▶ Problem description:
Please set out each line below exactly as it stands, without the images.

[Source records]
▼

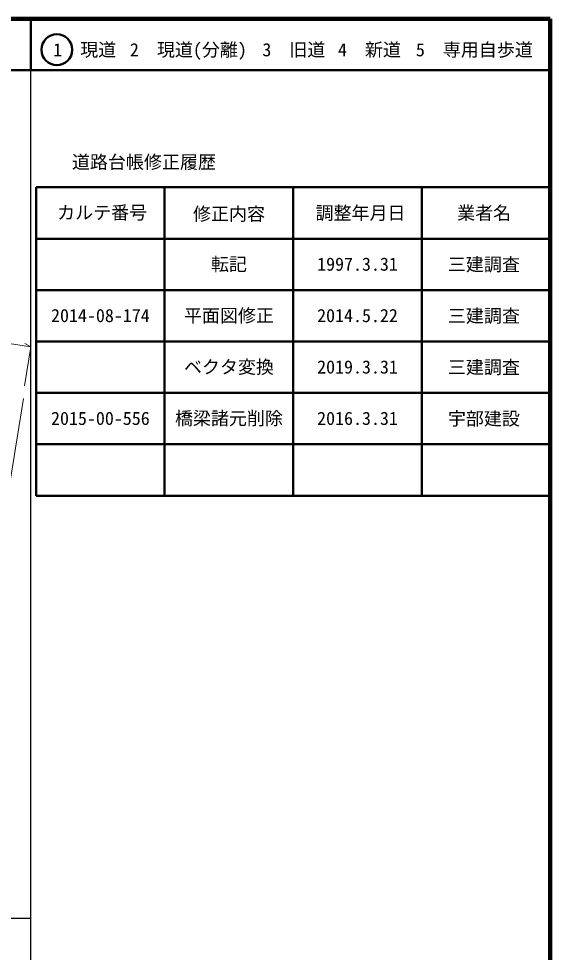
# Model space of a CAD drawing. Units: millimetres, scale not verified. Extents: x 40000 to 680000, y 20000 to 380000.
# Drawn here: x 576611 to 680000, y 198357 to 380000 of the extents above; entities that cross this region are included whole.
import ezdxf
from ezdxf.enums import TextEntityAlignment as Align

# ---------------------------------------------------------------- set-up
doc = ezdxf.new("R2010")
doc.units = ezdxf.units.MM
doc.header["$LTSCALE"] = 1000
for name, color, linetype, lineweight in [('M-BMK-SRVR', 3, 'Continuous', 13), ('M-STR-HTXT', 7, 'Continuous', 13), ('M-TTL', 2, 'Continuous', 140), ('M-TTL-BAND', 7, 'Continuous', 25), ('M-TTL-FRAM', 2, 'Continuous', 50), ('M-TTL-LINE', 7, 'Continuous', 50)]:
    doc.layers.add(name, color=color, linetype=linetype, lineweight=lineweight)
doc.layers.add('M-TTL-TXT', color=7, linetype='Continuous')
doc.styles.add('ＭＳ ゴシック', font='')
doc.styles.get('ＭＳ ゴシック').set_extended_font_data('MS Gothic')

msp = doc.modelspace()

# ---------------------------------------------------------------- linework, layer by layer
at = {"layer": 'M-BMK-SRVR'}
msp.add_line((577521, 306092), (570329, 261489), dxfattribs=at)
at = {"layer": 'M-STR-HTXT'}
for p, q in [((531395, 323564), (579000, 316165)), ((579000, 316165), (577746, 308559)), ((579000, 316165), (577779, 316773))]:
    msp.add_line(p, q, dxfattribs=at)
at = {"layer": 'M-TTL'}
for p, q in [((680000, 380000), (40000, 380000)), ((680000, 20000), (680000, 380000))]:
    msp.add_line(p, q, dxfattribs=at)
at = {"layer": 'M-TTL-BAND'}
for p, q in [((579000, 20000), (579000, 370000)), ((40000, 205000), (579000, 205000))]:
    msp.add_line(p, q, dxfattribs=at)
at = {"layer": 'M-TTL-FRAM'}
for p, q in [((580000, 347197), (580000, 287197)), ((580000, 347197), (680000, 347197)), ((580000, 287197), (680000, 287197))]:
    msp.add_line(p, q, dxfattribs=at)
at = {"layer": 'M-TTL-LINE'}
for p, q in [((579000, 380000), (579000, 370000)), ((40000, 370000), (680000, 370000)), ((605000, 347197), (605000, 287197)), ((630000, 347197), (630000, 287197)), ((655000, 347197), (655000, 287197)), ((580000, 337197), (680000, 337197)), ((580000, 327197), (680000, 327197)), ((580000, 317197), (680000, 317197)), ((580000, 307197), (680000, 307197)), ((580000, 297197), (680000, 297197))]:
    msp.add_line(p, q, dxfattribs=at)
msp.add_circle((584031, 373958), 3000, dxfattribs=at)

# ---------------------------------------------------------------- texts
at = {"layer": 'M-TTL-TXT', "style": 'ＭＳ ゴシック'}
for s, p in [('1\u3000現道', (589448, 373958)), ('2\u3000現道(分離)', (609619, 373958)), ('3\u3000旧道', (630121, 373958)), ('4\u3000新道', (644824, 373958)), ('5\u3000専用自歩道', (665228, 373958)), ('道路台帳修正履歴', (600968, 352113)), ('カルテ番号', (592839, 342277)), ('修正内容', (617509, 342023)), ('調整年月日', (643089, 342197)), ('業者名', (667134, 342197)), ('転記', (617500, 332245)), ('1997.3.31', (642500, 332245)), ('三建調査', (667077, 332189)), ('2014-08-174', (592500, 322245)), ('平面図修正', (617500, 322245)), ('2014.5.22', (642500, 322245)), ('三建調査', (667077, 322189)), ('ベクタ変換', (617500, 312245)), ('2019.3.31', (642500, 312245)), ('三建調査', (667077, 312189)), ('2015-00-556', (592500, 302245)), ('橋梁諸元削除', (617500, 302245)), ('2016.3.31', (642500, 302245)), ('宇部建設', (667077, 302189))]:
    msp.add_text(s, height=2566, dxfattribs=at).set_placement(p, align=Align.MIDDLE_CENTER)

doc.saveas('drawing.dxf')

▲

▶ Completed task:
# Model space of a CAD drawing. Units: millimetres, scale not verified. Extents: x 40000 to 680000, y 20000 to 380000.
# Drawn here: x 576611 to 680000, y 198357 to 380000 of the extents above; entities that cross this region are included whole.
import ezdxf
from ezdxf.enums import TextEntityAlignment as Align

# ---------------------------------------------------------------- set-up
doc = ezdxf.new("R2010")
doc.units = ezdxf.units.MM
doc.header["$LTSCALE"] = 1000
for name, color, linetype, lineweight in [('M-BMK-SRVR', 3, 'Continuous', 13), ('M-STR-HTXT', 7, 'Continuous', 13), ('M-TTL', 2, 'Continuous', 140), ('M-TTL-BAND', 7, 'Continuous', 25), ('M-TTL-FRAM', 2, 'Continuous', 50), ('M-TTL-LINE', 7, 'Continuous', 50)]:
    doc.layers.add(name, color=color, linetype=linetype, lineweight=lineweight)
doc.layers.add('M-TTL-TXT', color=7, linetype='Continuous')
doc.styles.add('ＭＳ ゴシック', font='')
doc.styles.get('ＭＳ ゴシック').set_extended_font_data('MS Gothic')

msp = doc.modelspace()

# ---------------------------------------------------------------- linework, layer by layer
at = {"layer": 'M-BMK-SRVR'}
msp.add_line((577521, 306092), (570329, 261489), dxfattribs=at)
at = {"layer": 'M-STR-HTXT'}
for p, q in [((531395, 323564), (579000, 316165)), ((579000, 316165), (577746, 308559)), ((579000, 316165), (577779, 316773))]:
    msp.add_line(p, q, dxfattribs=at)
at = {"layer": 'M-TTL'}
for p, q in [((680000, 380000), (40000, 380000)), ((680000, 20000), (680000, 380000))]:
    msp.add_line(p, q, dxfattribs=at)
at = {"layer": 'M-TTL-BAND'}
for p, q in [((579000, 20000), (579000, 370000)), ((40000, 205000), (579000, 205000))]:
    msp.add_line(p, q, dxfattribs=at)
at = {"layer": 'M-TTL-FRAM'}
for p, q in [((580000, 347197), (580000, 287197)), ((580000, 347197), (680000, 347197)), ((580000, 287197), (680000, 287197))]:
    msp.add_line(p, q, dxfattribs=at)
at = {"layer": 'M-TTL-LINE'}
for p, q in [((579000, 380000), (579000, 370000)), ((40000, 370000), (680000, 370000)), ((605000, 347197), (605000, 287197)), ((630000, 347197), (630000, 287197)), ((655000, 347197), (655000, 287197)), ((580000, 337197), (680000, 337197)), ((580000, 327197), (680000, 327197)), ((580000, 317197), (680000, 317197)), ((580000, 307197), (680000, 307197)), ((580000, 297197), (680000, 297197))]:
    msp.add_line(p, q, dxfattribs=at)
msp.add_circle((584031, 373958), 3000, dxfattribs=at)

# ---------------------------------------------------------------- texts
at = {"layer": 'M-TTL-TXT', "style": 'ＭＳ ゴシック'}
for s, p in [('1\u3000現道', (589448, 373958)), ('2\u3000現道(分離)', (609619, 373958)), ('3\u3000旧道', (630121, 373958)), ('4\u3000新道', (644824, 373958)), ('5\u3000専用自歩道', (665228, 373958)), ('道路台帳修正履歴', (600968, 352113)), ('カルテ番号', (592839, 342277)), ('修正内容', (617509, 342023)), ('調整年月日', (643089, 342197)), ('業者名', (667134, 342197)), ('転記', (617500, 332245)), ('1997.3.31', (642500, 332245)), ('三建調査', (667077, 332189)), ('2014-08-174', (592500, 322245)), ('平面図修正', (617500, 322245)), ('2014.5.22', (642500, 322245)), ('三建調査', (667077, 322189)), ('ベクタ変換', (617500, 312245)), ('2019.3.31', (642500, 312245)), ('三建調査', (667077, 312189)), ('2015-00-556', (592500, 302245)), ('橋梁諸元削除', (617500, 302245)), ('2016.3.31', (642500, 302245)), ('宇部建設', (667077, 302189))]:
    msp.add_text(s, height=2566, dxfattribs=at).set_placement(p, align=Align.MIDDLE_CENTER)

doc.saveas('drawing.dxf')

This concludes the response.